"The Swiss Bank Accounts of American Politics"
It’s 2002 and the head of government relations at Behemoth Corporation wakes up in a cold sweat. In a terrifying nightmare, Behemoth’s CEO, perversely shape-shifted into the form of a cartoon ferret, is screaming for a strategic plan to circumvent the newly passed Bipartisan Campaign Reform Act, which prohibits corporations from making unlimited contributions to national political parties and candidates for federal office. “What about the bill you drafted for Congressman Luke de Utherweigh!?” the ferret demands.
His heart pounding, our lobbyist gradually calms down, recalling that gifts to state and local candidates are still possible. And 527 committees. And state-level parties, thank heavens for them. And the trade associations. It’s not like these donations even have to be disclosed; the recipients do that, and what a mess that paper trail is.
Flash forward five years. In February 2007, The Washington Post reports that the U.S. Chamber of Commerce and its affiliated Institute for Legal Reform, which fights trial lawyers, “have broken their own record for expenditures on lobbying” the legislative and executive branches, spending close to $73 million in 2006. In the May 2006 report Hidden Rivers, the Center for Political Accountability found that trade associations helped companies conceal and spend over $100 million in 2004. This spending, the report noted, poses serious risks to company economic interests and reputations and to shareholder value. Hidden Rivers dubbed trade associations “the Swiss bank accounts of American politics.”
But things are also starting to change. In the last three years, shareholders have done some lobbying of their own, pressing nearly twenty major companies to increase their transparency and improve their accountability on their political contributions. These include high profile players such as McDonalds, Morgan Stanley, Eli Lilly, Verizon, Home Depot, General Dynamics, and Trillium Asset Management Corporation’s successful engagements withGeneral Electric, Hewlett-Packard and at American Electric Power, where we joined Green Century Capital Management in filing resolutions.

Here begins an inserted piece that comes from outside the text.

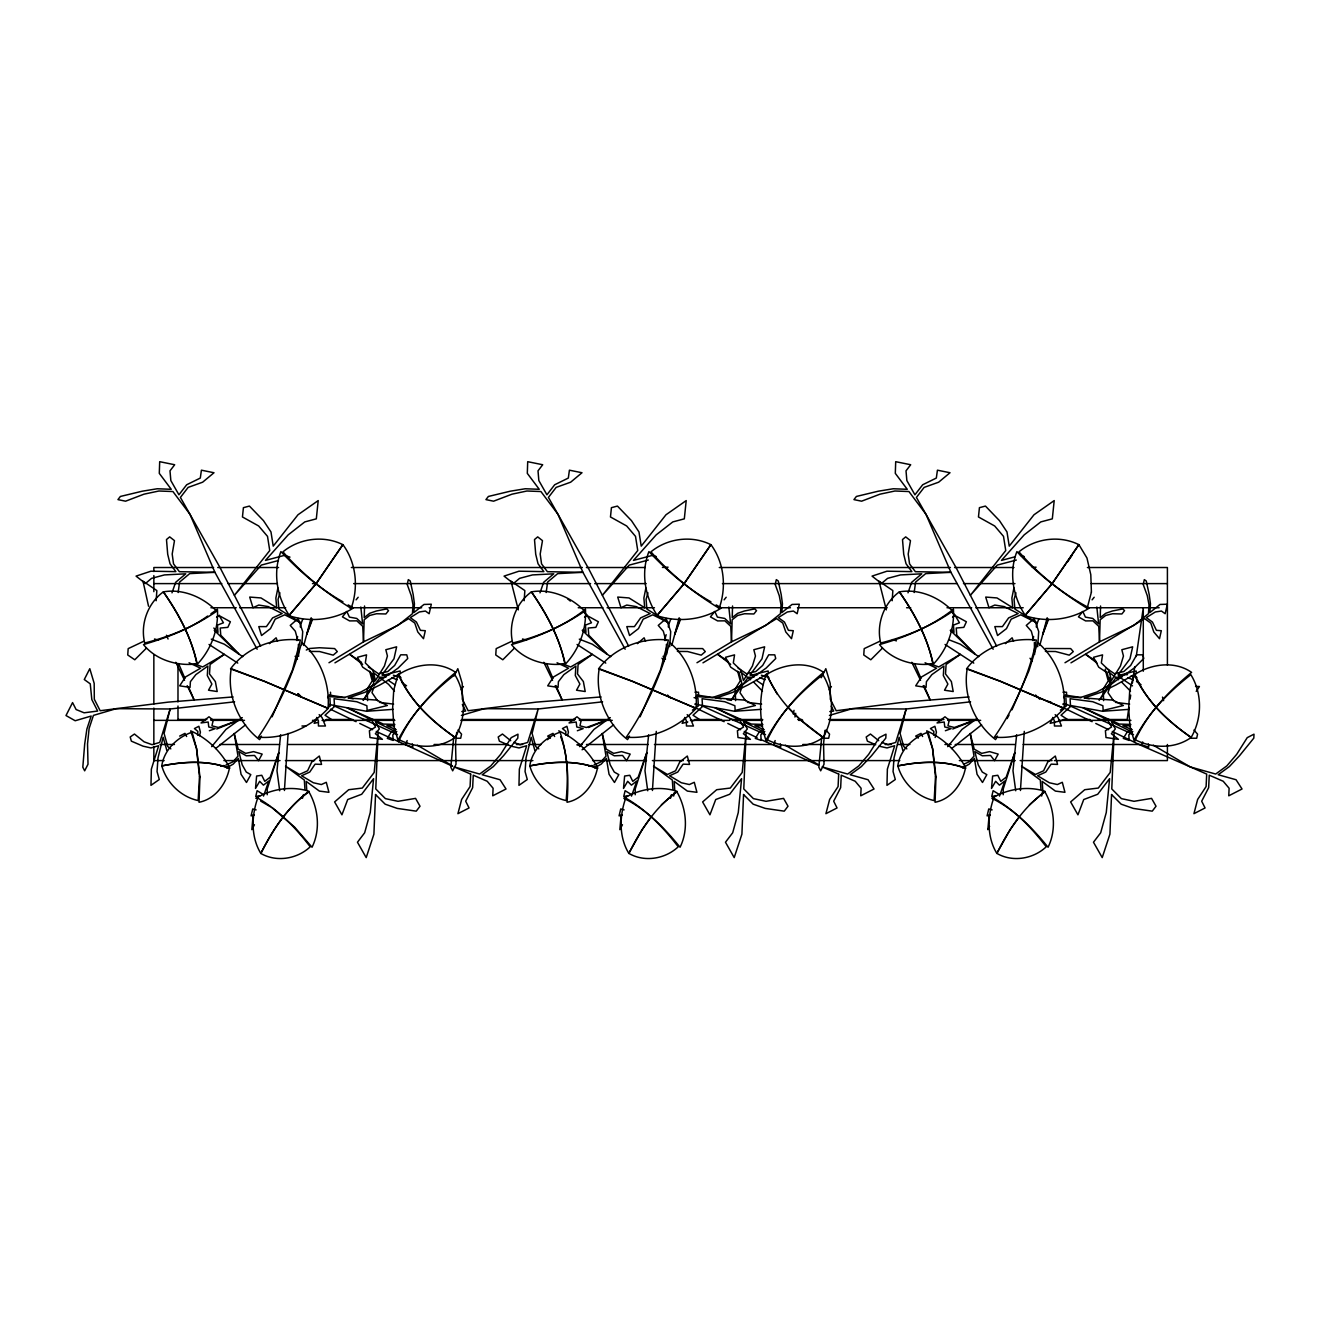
<?xml version="1.0" encoding="UTF-8"?>
<svg xmlns="http://www.w3.org/2000/svg" width="1320" height="1320" viewBox="0 0 1320 1320"><rect width="100%" height="100%" fill="white"/><g stroke="black" fill="none" stroke-linecap="round" stroke-linejoin="round"><path stroke-width="1.5" d="M267.217 794.755L267.217 788.997L278.817 752.582L270.171 777.183L264.759 781.341L261.772 775.285L256.625 776.028L255.519 788.452L259.661 781.308L263.423 785.153L268.818 780.994L263.505 796.108M635.217 794.755L635.233 788.997L646.833 752.582L638.17 777.183L632.775 781.341L629.788 775.285L624.624 776.028L623.518 788.452L627.66 781.308L631.438 785.153L636.834 780.994L631.505 796.108M1003.216 794.755L1003.233 788.997L1014.832 752.582L1006.17 777.183L1000.774 781.341L997.788 775.285L992.624 776.028L991.518 788.452L995.659 781.308L999.438 785.153L1004.833 780.994L999.52 796.108M364.551 605.995L364.204 617.595L369.732 613.288L376.382 610.995L386.694 608.916L388.542 610.648L385.885 613.965L376.546 613.75L369.649 615.466L364.155 619.773L363.512 641.85L328.977 662.739M732.551 605.995L732.22 617.595L737.731 613.288L744.397 610.995L754.693 608.916L756.558 610.648L753.902 613.965L744.546 613.75L737.665 615.466L732.154 619.773L731.511 641.85L696.976 662.739M1100.566 605.995L1100.22 617.595L1105.731 613.288L1112.397 610.995L1122.709 608.916L1124.557 610.648L1121.901 613.965L1112.545 613.75L1105.665 615.466L1100.154 619.773L1099.51 641.85L1064.993 662.739M284.427 790.498L288.106 733.425M652.427 790.498L656.271 731.379M1020.442 790.498L1024.27 731.379M197.62 735.141L197.868 731.412L194.436 728.558L198.891 726.28L200.409 732.188L199.551 735.718M565.636 735.141L565.867 731.412L562.435 728.558L566.89 726.28L568.425 732.188L567.567 735.718M933.636 735.141L933.867 731.412L930.451 728.558L934.89 726.28L936.424 732.188L935.137 737.484M156.173 600.732L156.849 590.568L143.005 581.179L148.533 606.226M301.818 644.803L302.709 631.57L298.188 618.469L290.251 625.416L295.3 631.191L297.858 640.53M524.172 600.732L524.848 590.568L511.021 581.179L518.314 609.889M669.702 646.701L670.708 631.57L666.204 618.469L658.251 625.416L663.316 631.191L665.857 640.53M892.188 600.732L892.848 590.568L879.021 581.179L886.314 609.889M1037.701 646.701L1038.708 631.57L1034.203 618.469L1026.267 625.416L1031.316 631.191L1033.857 640.53M253.16 814.852L251.839 829.653L254.463 824.703M621.159 814.852L619.839 829.653L622.462 824.703M989.175 814.852L987.855 829.653L989.604 826.353M280.632 734.745L276.986 770.748L279.708 790.779M648.631 734.745L644.985 770.748L647.724 790.779M1016.631 734.745L1012.984 770.748L1015.723 790.779M456.72 732.303L455.532 743.869L456.027 764.231L452.678 770.814L450.829 767.184L453.783 736.659M824.934 730.372L823.548 743.869L824.026 764.231L820.677 770.814L818.829 767.184L821.783 736.659M178.167 592.515L179.569 582.104L189.684 573.622L214.929 572.319L257.152 649.242M546.183 592.515L547.586 582.104L557.683 573.622L582.928 572.319L625.152 649.242M914.182 592.515L915.585 582.104L925.683 573.622L950.928 572.319L993.151 649.242M1128.914 707.305L1127.148 719.499L1098.322 719.499M1130.085 699.188L1130.679 695.129M1132.428 682.935L1134.771 666.666M1136.239 656.518L1143.285 607.744L1143.285 671.22M673.678 796.042L674.404 792.33M1041.678 796.042L1042.784 790.482L1042.206 781.407L1055.389 791.092L1064.959 792.313L1062.303 782.298L1057.37 784.542L1049.367 782.76L1037.602 775.764L1045.753 772.068L1051.116 764.148L1057.551 764.428L1055.323 756.03L1047.7 762.118L1043.592 770.781L1035.441 774.477L1021.515 766.21L1040.341 780.037L1040.936 789.112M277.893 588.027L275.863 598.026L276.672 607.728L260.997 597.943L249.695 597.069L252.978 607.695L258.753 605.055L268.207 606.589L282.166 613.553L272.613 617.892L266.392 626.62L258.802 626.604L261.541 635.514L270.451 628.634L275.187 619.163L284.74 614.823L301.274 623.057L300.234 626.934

All of the companies agreed to board oversight of their political spending. In a first, General Dynamics agreed to report and have its board oversee those payments to trade associations that are used for political purposes, setting a precedent followed by GE, HP and American Electric Power. Previously, company disclosure and board-level oversight was limited to soft money contributions to candidates and parties, stopping short of trade associations and 527s.
Why the progress? As Andrew Shalit, Director of Shareholder Advocacy at Green Century Capital Management, remarked, ”Full disclosure and oversight of political contributions is a basic good business practice. It costs very little to implement, it increases public confidence, and it reduces the risk of abuse.”
Companies also recognize a groundswell when they see one. The political disclosure resolution was one of the top three vote-getters last year. Support averaged 22% at 29 companies where the proposal came to a vote. This year, twenty-four institutional investors working with the Center for Political Accountability filed shareholder resolutions with 44 companies for the 2007 proxy season. This year’s resolutions focus more on trade association spending. Seven companies have reached agreements with shareholders already, and a dozen more companies are in dialogue. Corporate involvement in the public policymaking process isn’t something that we or the other resolution proponents oppose on principle. Corporations have sometimes taken very public stands that we agree with (for example, championing affirmative action, and calling for federal regulations imposing greenhouse gas caps). But when they’re spending shareholder money, they ought not be hiding behind their trade associations when taking policy stands. That’s what makes us break out in a cold sweat.